Mentre sfoderano un'aura di invincibilità, la verità è che l'efficacia delle loro politiche ha dei limiti severi.
Di norma una banca centrale persegue l'obiettivo della stabilità dei prezzi regolando l'offerta di moneta per alterare indirettamente il tasso di sconto, rendendo, di conseguenza, i prestiti più o meno attraenti. La recente crisi richiama l'attenzione su una funzione secondaria di queste banche — vale a dire, come prestatori di ultima istanza.
Dopo il crollo della Lehman Brothers nel settembre 2008, le banche centrali di tutto il mondo sono intervenute in uno sforzo congiunto per scambiare asset deteriorati e illiquidi del settore bancario privato con debito pubblico di qualità superiore. Mentre questo processo procede senza ostacoli nelle sue fasi iniziali, le banche centrali si ritrovano ben presto con un bilancio in carenza di debito di qualità superiore da scambiare. L'unico strumento rimasto loro per combattere la crisi di liquidità è stata un'espansione quantitativa — aumentare l'offerta di moneta e quindi mettere nuova liquidità a disposizione del sistema bancario per ripianare le sue passività.
Grazie a questa espansione qualitativa, le banche centrali sono state in grado di salvare i sistemi bancari interni che erano pesantemente indebitati in valuta nazionale. Tuttavia altre economie che facevano affidamento su finanziamenti esteri non sono state altrettanto fortunate. L'insolvenza della Banca Centrale d'Islanda alla fine dell'anno scorso, ha sollevato la questione; diverse banche centrali sono ancora a rischio.
Le banche centrali che sono solo in grado di gonfiare l'offerta di moneta nella propria valuta nazionale, devono affrontare sfide significative quando si trovano di fronte a sistemi bancari fortemente indebitati in passività monetarie denominate in valuta estera. Come ha dimostrato il recente esempio islandese, la possibilità di insolvenza della banca centrale crea l'opportunità di riformare veramente il sistema bancario.

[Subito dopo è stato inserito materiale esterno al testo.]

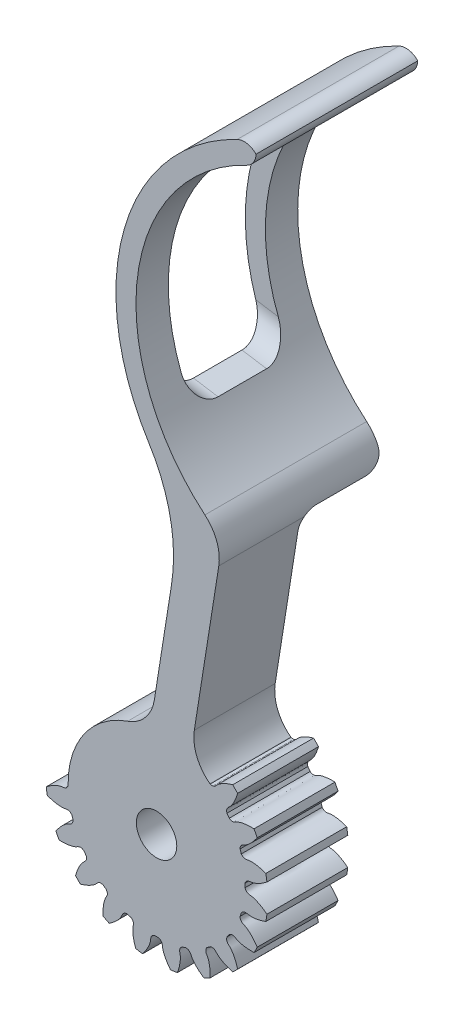
SolidWorks part; units mm, degrees
material "聚脂树脂"
ref_plane "前视基准面" through (0, 0, 0) normal (0, 0, 1) x (1, 0, 0)
ref_plane "上视基准面" through (0, 0, 0) normal (0, 1, 0) x (1, 0, 0)
ref_plane "右视基准面" through (0, 0, 0) normal (1, 0, 0) x (0, 0, -1)
other "Configuration Table"
sketch "草图1" plane through (0, 0, 0) normal (0, 0, 1) x (1, 0, 0)
  circle A0 centre (0, 0) radius 13.75
extrude "凸台-拉伸1" add sketch "草图1" along normal blind 10
ref_axis "基准轴1" through (0, 0, -1.5) along (0, 0, 1)
sketch "草图2" plane through (0, 0, 0) normal (0, 0, 1) x (1, 0, 0)
  line L0 (0, 0) -> (0, 13.75) construction
  circle A0 centre (0, 0) radius 13.75 construction
  arc A1 (0.2416, 10.9348) -> (-0.2416, 10.9348) centre (0, 0) ccw
  arc A2 (3.9764, 15.6228) -> (-3.9764, 15.6228) centre (0, 0) ccw
  spline S0 degree 3 poles (0.2416, 10.9348) (0.764, 11.1168) (0.6964, 11.4839) (0.7661, 11.8375) (0.7736, 11.8719) (0.7829, 11.9108) (0.7941, 11.954) (0.8075, 12.0015) (0.8231, 12.0532) (0.8413, 12.1091) (0.8621, 12.169) (0.8857, 12.2329) (0.9123, 12.3007) (0.9421, 12.3723) (0.9752, 12.4476) (1.0117, 12.5264) (1.0519, 12.6088) (1.0959, 12.6945) (1.1438, 12.7834) (1.1957, 12.8755) (1.2519, 12.9705) (1.3125, 13.0684) (1.3775, 13.1691) (1.4472, 13.2723) (1.5216, 13.3779) (1.601, 13.4858) (1.6853, 13.5958) (1.7747, 13.7078) (1.8694, 13.8216) (1.9693, 13.937) (2.0748, 14.0539) (2.1857, 14.1721) (2.3023, 14.2914) (2.4246, 14.4116) (2.5527, 14.5326) (2.6866, 14.6542) (2.8265, 14.7761) (2.9725, 14.8983) (3.1245, 15.0204) (3.2826, 15.1424) (3.4469, 15.2639) (3.6768, 15.427) (3.8549, 15.5454) (3.9764, 15.6228) knots 0 0 0 0 0.165916 0.170906 0.176664 0.183189 0.190482 0.198542 0.207371 0.216967 0.22733 0.238462 0.250361 0.263027 0.276462 0.290664 0.305634 0.321371 0.337876 0.355149 0.37319 0.391998 0.411574 0.431917 0.453028 0.474907 0.497554 0.520968 0.54515 0.570099 0.595817 0.622302 0.649554 0.677575 0.706363 0.735918 0.766242 0.797333 0.829191 0.861818 0.895212 0.929373 1 1 1 1
  spline S1 degree 3 poles (-0.2416, 10.9348) (-0.764, 11.1168) (-0.6964, 11.4839) (-0.7661, 11.8375) (-0.7736, 11.8719) (-0.7829, 11.9108) (-0.7941, 11.954) (-0.8075, 12.0015) (-0.8231, 12.0532) (-0.8413, 12.1091) (-0.8621, 12.169) (-0.8857, 12.2329) (-0.9123, 12.3007) (-0.9421, 12.3723) (-0.9752, 12.4476) (-1.0117, 12.5264) (-1.0519, 12.6088) (-1.0959, 12.6945) (-1.1438, 12.7834) (-1.1957, 12.8755) (-1.2519, 12.9705) (-1.3125, 13.0684) (-1.3775, 13.1691) (-1.4472, 13.2723) (-1.5216, 13.3779) (-1.601, 13.4858) (-1.6853, 13.5958) (-1.7747, 13.7078) (-1.8694, 13.8216) (-1.9693, 13.937) (-2.0748, 14.0539) (-2.1857, 14.1721) (-2.3023, 14.2914) (-2.4246, 14.4116) (-2.5527, 14.5326) (-2.6866, 14.6542) (-2.8265, 14.7761) (-2.9725, 14.8983) (-3.1245, 15.0204) (-3.2826, 15.1424) (-3.4469, 15.2639) (-3.6768, 15.427) (-3.8549, 15.5454) (-3.9764, 15.6228) knots 0 0 0 0 0.165916 0.170906 0.176664 0.183189 0.190482 0.198542 0.207371 0.216967 0.22733 0.238462 0.250361 0.263027 0.276462 0.290664 0.305634 0.321371 0.337876 0.355149 0.37319 0.391998 0.411574 0.431917 0.453028 0.474907 0.497554 0.520968 0.54515 0.570099 0.595817 0.622302 0.649554 0.677575 0.706363 0.735918 0.766242 0.797333 0.829191 0.861818 0.895212 0.929373 1 1 1 1
extrude "切除-拉伸1" cut sketch "草图2" along normal through all
pattern_circular "阵列(圆周)1" count 20 every 18 about axis through (0, 0, -1.5) along (0, 0, 1) of "切除-拉伸1"
sketch "草图6" plane through (0, 0, 0) normal (0, 0, -1) x (-1, 0, 0)
  line L0 (0, 0) -> (-10.311, 65.1009) construction
  line L1 (0, 0) -> (38.9643, 6.1713) construction
  line L2 (0, 0) -> (-30.4582, -4.8241) construction
  line L3 (-12.3461, -1.9554) -> (-21.1812, 53.827) construction
  line L4 (2.4692, 0.3911) -> (-3.2254, 36.3455)
  line L5 (-2.4692, -0.3911) -> (-8.1638, 35.5633)
  line L6 (-8.1638, 35.5633) -> (-14.2864, 74.2194)
  line L7 (-14.2864, 74.2194) -> (-21.4537, 55.5478) construction
  line L8 (-14.2864, 74.2194) -> (-7.9754, 90.6601) construction
  line L9 (-14.2864, 74.2194) -> (-11.9654, 80.2656)
  line L10 (-2.4692, -0.3911) -> (2.4692, 0.3911)
  circle A0 centre (0, 0) radius 12.5 construction
  circle A1 centre (-21.4537, 55.5478) radius 24 construction
  circle A2 centre (-21.4537, 55.5478) radius 26.4764 construction
  arc A3 (-11.9654, 80.2656) -> (-3.2254, 36.3455) centre (-21.4537, 55.5478) cw
  arc A4 (-12.8529, 77.9537) -> (-8.1638, 35.5633) centre (-21.4537, 55.5478) cw
  dimension "D1" = 25
  dimension "D4" = 48
  dimension "D5" = 30
  dimension "D2" = 5
  dimension "D3" = 58.22
extrude "凸台-拉伸2" add sketch "草图6" against normal blind 10 and the other way blind 10 contours A3 L9 L6 L5 L10 L4 | L5 | L4 region at (0.1292, 0.816, 0)
sketch "草图7" plane through (-2.4692, 0.3911, 0) normal (0.9877, -0.1564, 0) x (0, 0, -1)
  line L0 (0, 0) -> (0, 34)
  line L1 (0, 34) -> (10, 34)
  line L3 (10, 34) -> (10, 0)
  line L4 (10, 0) -> (0, 0) construction
  line L5 (10, 0) -> (10, 36.4026) construction
  line L6 (10, 0) -> (0, 0)
  line L7 (-5, 4.6588) -> (-5, 27.3083) construction
  line L8 (-10, 4.6588) -> (0, 4.6588) construction
  line L9 (-20, 34) -> (-20, 0)
  line L10 (-10, 34) -> (-20, 34)
  line L11 (-10, 0) -> (-10, 34)
  line L12 (-20, 0) -> (-10, 0)
  dimension "D1" = 34
extrude "切除-拉伸3" cut sketch "草图7" against normal blind 32 and the other way blind 10
ref_plane "基准面1" through (12.5, 0, 0) normal (1, 0, 0) x (0, 0, -1)
ref_axis "基准轴2" through (0, 0, -6) along (0, 0, 1)
ref_plane "基准面2" through (0, 0, 0) normal (-0.9877, 0.1564, 0) x (0, 0, 1)
ref_plane "基准面3" through (12.3461, -1.9554, 0) normal (-0.9877, 0.1564, 0) x (0, 0, 1)
fillet "圆角2" radius 2 2 edges at (5.3188, 33.5814, 0) (5.3188, 33.5814, -10)
sketch "草图16" plane through (0, 0, 10) normal (0, 0, 1) x (1, 0, 0)
  circle A0 centre (0, 0) radius 2.5
  dimension "D1" = 5
extrude "切除-拉伸5" cut sketch "草图16" against normal blind 16.5
sketch "草图19" plane through (0, 0, 0) normal (0, 0, -1) x (-1, 0, 0)
  circle A0 centre (0, 0) radius 8
  dimension "D1" = 16
extrude "切除-拉伸7" cut sketch "草图19" against normal blind 3.4
sketch "草图20" plane through (0, 0, 0) normal (0, 0, -1) x (-1, 0, 0)
  line L0 (0, 0) -> (3.6089, 10.325)
  line L1 (3.6089, 10.325) -> (7.1451, 20.4421)
  line L2 (0, 0) -> (10.9348, -0.2416)
  line L3 (10.9348, -0.2416) -> (20.7519, -0.2416)
  circle A0 centre (0, 0) radius 17.5
  circle A1 centre (0, 0) radius 10.9375
  arc A2 (-8.7044, 6.6228) -> (-8.9885, 6.2318) centre (0, 0) ccw construction
  dimension "D1" = 35
extrude "切除-拉伸8" cut sketch "草图20" against normal blind 10 contours A1 L3 A0 L1 region at (-11.1082, 7.7459, 0)
fillet "圆角3" radius 20 1 edges at (3.2254, 36.3455, 0)
fillet "圆角4" radius 5 1 edges at (8.1638, 35.5633, 0)
fillet "圆角5" radius 2 2 edges at (12.8529, 77.9537, 0) (11.9654, 80.2656, 0)
sketch "草图22" plane through (12.3461, -1.9554, 0) normal (-0.9877, 0.1564, 0) x (0, 0, 1)
  line L0 (5, -1.9493) -> (5, 109.7629) construction
  line L1 (10, -1.9493) -> (0, -1.9493) construction
  line L5 (-6, 43.22) -> (6, 43.22)
  line L6 (-6, 43.22) -> (-6, 73.22)
  line L7 (-6, 73.22) -> (6, 73.22)
  line L8 (6, 43.22) -> (6, 73.22)
  line L9 (-6, 43.22) -> (6, 73.22) construction
  line L10 (-6, 73.22) -> (6, 43.22) construction
  line L11 (-10, 79.9909) -> (-10, 40.8001) construction
  point P4 (0, 58.22)
  dimension "D1" = 58.22
  dimension "D2" = 12
  dimension "D3" = 30
  dimension "D4" = 4
extrude "切除-拉伸9" cut sketch "草图22" along normal blind 45
fillet "圆角6" radius 3 4 edges at (-0.9194, 43.9044, 6) (-0.9194, 43.9044, -6) (3.7737, 73.535, -6) (3.7737, 73.535, 6)
sketch "草图23" plane through (0, 0, 10) normal (0, 0, 1) x (1, 0, 0)
  line L0 (-0.7142, 11.472) -> (-0.8035, 10.9079)
  line L1 (1.8548, 27.6921) -> (-0.7142, 11.472) construction
  line L2 (4.2243, 10.6898) -> (4.1349, 10.1258)
  line L3 (7.6942, 32.5983) -> (4.2243, 10.6898) construction
  circle A0 centre (0, 0) radius 10.9375
  arc A1 (-1.7221, 13.6417) -> (-2.5777, 13.5062) centre (0, 0) ccw construction
  arc A2 (-1.7221, 13.6417) -> (-2.5777, 13.5062) centre (0, 0) ccw
  arc A3 (6.6252, 12.0486) -> (5.8534, 12.4419) centre (0, 0) ccw construction
  arc A4 (6.6252, 12.0486) -> (5.8534, 12.4419) centre (0, 0) ccw
  spline S0 degree 3 poles (1994.295, 137.7537) (-128.5862, -24.5238) (-16.3079, 32.6766) (-1.5748, 13.4516) (-1.4488, 13.2768) (-1.314, 13.073) (-1.1971, 12.8801) (-1.0972, 12.6991) (-1.0129, 12.531) (-0.9432, 12.3769) (-0.8867, 12.2375) (-0.8483, 12.1307) (-0.8181, 12.0376) (-0.7986, 11.9714) (-0.7799, 11.8994) (-0.7687, 11.8506) (0.1616, 7.1353) (-24.3178, -2.2468) (1928.686, 537.5875) knots -11.303789 -11.303789 -11.303789 -11.303789 0.502446 0.525093 0.568083 0.608002 0.644851 0.678629 0.709336 0.736973 0.761538 0.783033 0.792629 0.809518 0.816811 0.829094 0.834084 3.172509 3.172509 3.172509 3.172509 only from (-1.7221, 13.6417) to (-0.7142, 11.472) construction
  spline S1 degree 3 poles (-2000.7324, -84.7349) (23.8247, 5.3776) (-2.3586, 6.7359) (-2.931, 11.5081) (-2.9354, 11.558) (-2.9398, 11.6323) (-2.9424, 11.7223) (-2.941, 11.8445) (-2.9339, 11.9853) (-2.9194, 12.1444) (-2.8961, 12.3215) (-2.8626, 12.516) (-2.8175, 12.7274) (-2.7593, 12.9551) (-2.6999, 13.1539) (-2.6447, 13.3205) (5.4121, 36.1167) (129.8707, 16.4119) (-1939.2458, -485.2572) knots -2.172632 -2.172632 -2.172632 -2.172632 0.165916 0.170906 0.183189 0.190482 0.207371 0.22733 0.250361 0.276462 0.305634 0.337876 0.37319 0.411574 0.453028 0.474907 0.497554 12.30377 12.30377 12.30377 12.30377 only from (-3.1492, 10.4743) to (-2.5777, 13.5062) construction
  spline S2 degree 3 poles (-1.7221, 13.6417) (-1.653, 13.5549) (-1.5348, 13.399) (-1.3791, 13.1737) (-1.2534, 12.9751) (-1.1451, 12.788) (-1.0532, 12.6134) (-0.9763, 12.4522) (-0.9134, 12.3053) (-0.87, 12.1919) (-0.8354, 12.092) (-0.8128, 12.0203) (-0.7941, 11.954) (-0.7799, 11.8994) (-0.7687, 11.8506) (-0.74, 11.7051) (-0.733, 11.5811) (-0.7142, 11.472) knots 0.492568 0.492568 0.492568 0.492568 0.546972 0.588426 0.62681 0.662124 0.694366 0.723538 0.749639 0.77267 0.783033 0.801458 0.809518 0.816811 0.829094 0.834084 0.889499 0.889499 0.889499 0.889499
  spline S3 degree 3 poles (-3.1492, 10.4743) (-2.7087, 10.8088) (-2.8864, 11.137) (-2.931, 11.5081) (-2.9354, 11.558) (-2.9398, 11.6323) (-2.9424, 11.7223) (-2.941, 11.8445) (-2.9339, 11.9853) (-2.9194, 12.1444) (-2.8961, 12.3215) (-2.8626, 12.516) (-2.8175, 12.7274) (-2.7593, 12.9551) (-2.6866, 13.1982) (-2.6232, 13.3832) (-2.5848, 13.4873) (-2.5777, 13.5062) knots 0 0 0 0 0.165916 0.170906 0.183189 0.190482 0.207371 0.22733 0.250361 0.276462 0.305634 0.337876 0.37319 0.411574 0.453028 0.497554 0.507432 0.507432 0.507432 0.507432
  spline S4 degree 3 poles (1694.4124, -1060.787) (-118.4443, 55.7411) (6.0134, 36.0216) (6.6326, 11.8082) (6.6318, 11.5928) (6.6211, 11.3487) (6.6022, 11.1239) (6.5767, 10.9187) (6.5461, 10.7332) (6.5119, 10.5675) (6.4757, 10.4216) (6.4439, 10.3125) (6.4137, 10.2194) (6.3905, 10.1545) (6.3633, 10.0853) (6.3437, 10.0391) (4.3246, 5.6774) (-20.9966, 12.4766) (1876.592, -698.8356) knots -11.303841 -11.303841 -11.303841 -11.303841 0.502446 0.525093 0.568083 0.608002 0.644851 0.678629 0.709336 0.736973 0.761538 0.783033 0.792629 0.809518 0.816811 0.829094 0.834084 3.172618 3.172618 3.172618 3.172618 only from (6.6252, 12.0486) to (6.2318, 8.9885) construction
  spline S5 degree 3 poles (-1668.1553, 1107.2659) (22.4332, -9.6514) (2.0512, 6.836) (4.3931, 11.033) (4.4189, 11.076) (4.4589, 11.1387) (4.5098, 11.2131) (4.5827, 11.3111) (4.6712, 11.4208) (4.7765, 11.541) (4.8994, 11.6706) (5.0408, 11.8083) (5.2016, 11.9528) (5.3825, 12.1027) (5.5474, 12.2287) (5.6899, 12.331) (25.6075, 26.0379) (114.7154, -63.0598) (-1854.1489, 747.2949) knots -2.172504 -2.172504 -2.172504 -2.172504 0.165916 0.170906 0.183189 0.190482 0.207371 0.22733 0.250361 0.276462 0.305634 0.337876 0.37319 0.411574 0.453028 0.474907 0.497554 12.303849 12.303849 12.303849 12.303849 only from (4.2243, 10.6898) to (5.8534, 12.4419) construction
  spline S6 degree 3 poles (6.6252, 12.0486) (6.6301, 11.9377) (6.6341, 11.7422) (6.6276, 11.4683) (6.6126, 11.2338) (6.5902, 11.0188) (6.5619, 10.8235) (6.5293, 10.6479) (6.4939, 10.4921) (6.4623, 10.3749) (6.4317, 10.2737) (6.4078, 10.2024) (6.3839, 10.1378) (6.3633, 10.0853) (6.3437, 10.0391) (6.1867, 9.7) (5.9162, 9.4428) (6.2318, 8.9885) knots 0.492568 0.492568 0.492568 0.492568 0.546972 0.588426 0.62681 0.662124 0.694366 0.723538 0.749639 0.77267 0.783033 0.801458 0.809518 0.816811 0.829094 0.834084 1 1 1 1
  spline S7 degree 3 poles (4.2243, 10.6898) (4.2759, 10.7877) (4.3208, 10.9035) (4.3931, 11.033) (4.4189, 11.076) (4.4589, 11.1387) (4.5098, 11.2131) (4.5827, 11.3111) (4.6712, 11.4208) (4.7765, 11.541) (4.8994, 11.6706) (5.0408, 11.8083) (5.2016, 11.9528) (5.3825, 12.1027) (5.5842, 12.2567) (5.7442, 12.3691) (5.8366, 12.4308) (5.8534, 12.4419) knots 0.110501 0.110501 0.110501 0.110501 0.165916 0.170906 0.183189 0.190482 0.207371 0.22733 0.250361 0.276462 0.305634 0.337876 0.37319 0.411574 0.453028 0.497554 0.507432 0.507432 0.507432 0.507432
extrude "切除-拉伸10" cut sketch "草图23" against normal blind 10 contours S3 A0 L0 S2 A2 | S7 L2 A0 S6 A4 region at (-1.9252, 12.0147, 10) region at (5.5438, 10.8317, 10)
fillet "圆角7" radius 5 2 edges at (4.1349, 10.1258, 5) (-0.8035, 10.9079, 5)

Quando le Banche Centrali Vanno in Bancarotta
Murray Rothbard, nel suo libro The Case Against the Fed, sostiene che un settore bancario privato e libero è disciplinato dalla minaccia di una corsa agli sportelli, cosa che impedisce un accumulo eccessivo di passivi rispetto agli attivi. Un sistema a riserva frazionaria non è sottoposto a tale vincolo. Il denaro fiat concede all'autorità monetaria centrale un vantaggio fondamentale: i propri passivi — in primo luogo la base monetaria — non saranno mai riscattati in qualcosa di diverso dalle stesse unità nominali in cui sono denominati.
Guido Hülsmann spiega questa particolarità con la sterlina britannica:
Fino al 1914, e poi tra il 1925 e il 1931, la Banca d'Inghilterra redimeva le sue banconote da £20 in una quantità di oro che fu chiamata "la somma di £20". Oggi redime queste banconote in altre banconote dello stesso tipo. Il punto è che in passato l'espressione "la somma di £20" aveva un significato giuridico diverso da quello che ha oggi. All'epoca dava accesso a circa cinque once d'oro. Oggi significa qualcosa di diverso. La sospensione dei pagamenti ha trasformato l'espressione "la somma di £20" in una tautologia autoreferenziale — ora corrisponde a £20 banconote di carta.[1]
Il risultato è che i passivi possono essere ritirati gonfiando l'offerta di moneta, e non attraverso il sacrificio di risparmi reali. La capacità della banca centrale di svalutare i passivi nazionali attraverso l'inflazione monetaria, ha dato luogo alla sua funzione spesso citata come prestatore di ultima istanza. Di conseguenza se le banche si trovassero di fronte ad una crisi di liquidità, gli imprenditori presumono che la banca centrale sia in grado di muoversi in fretta per espandere l'offerta di moneta e scongiurare una crisi.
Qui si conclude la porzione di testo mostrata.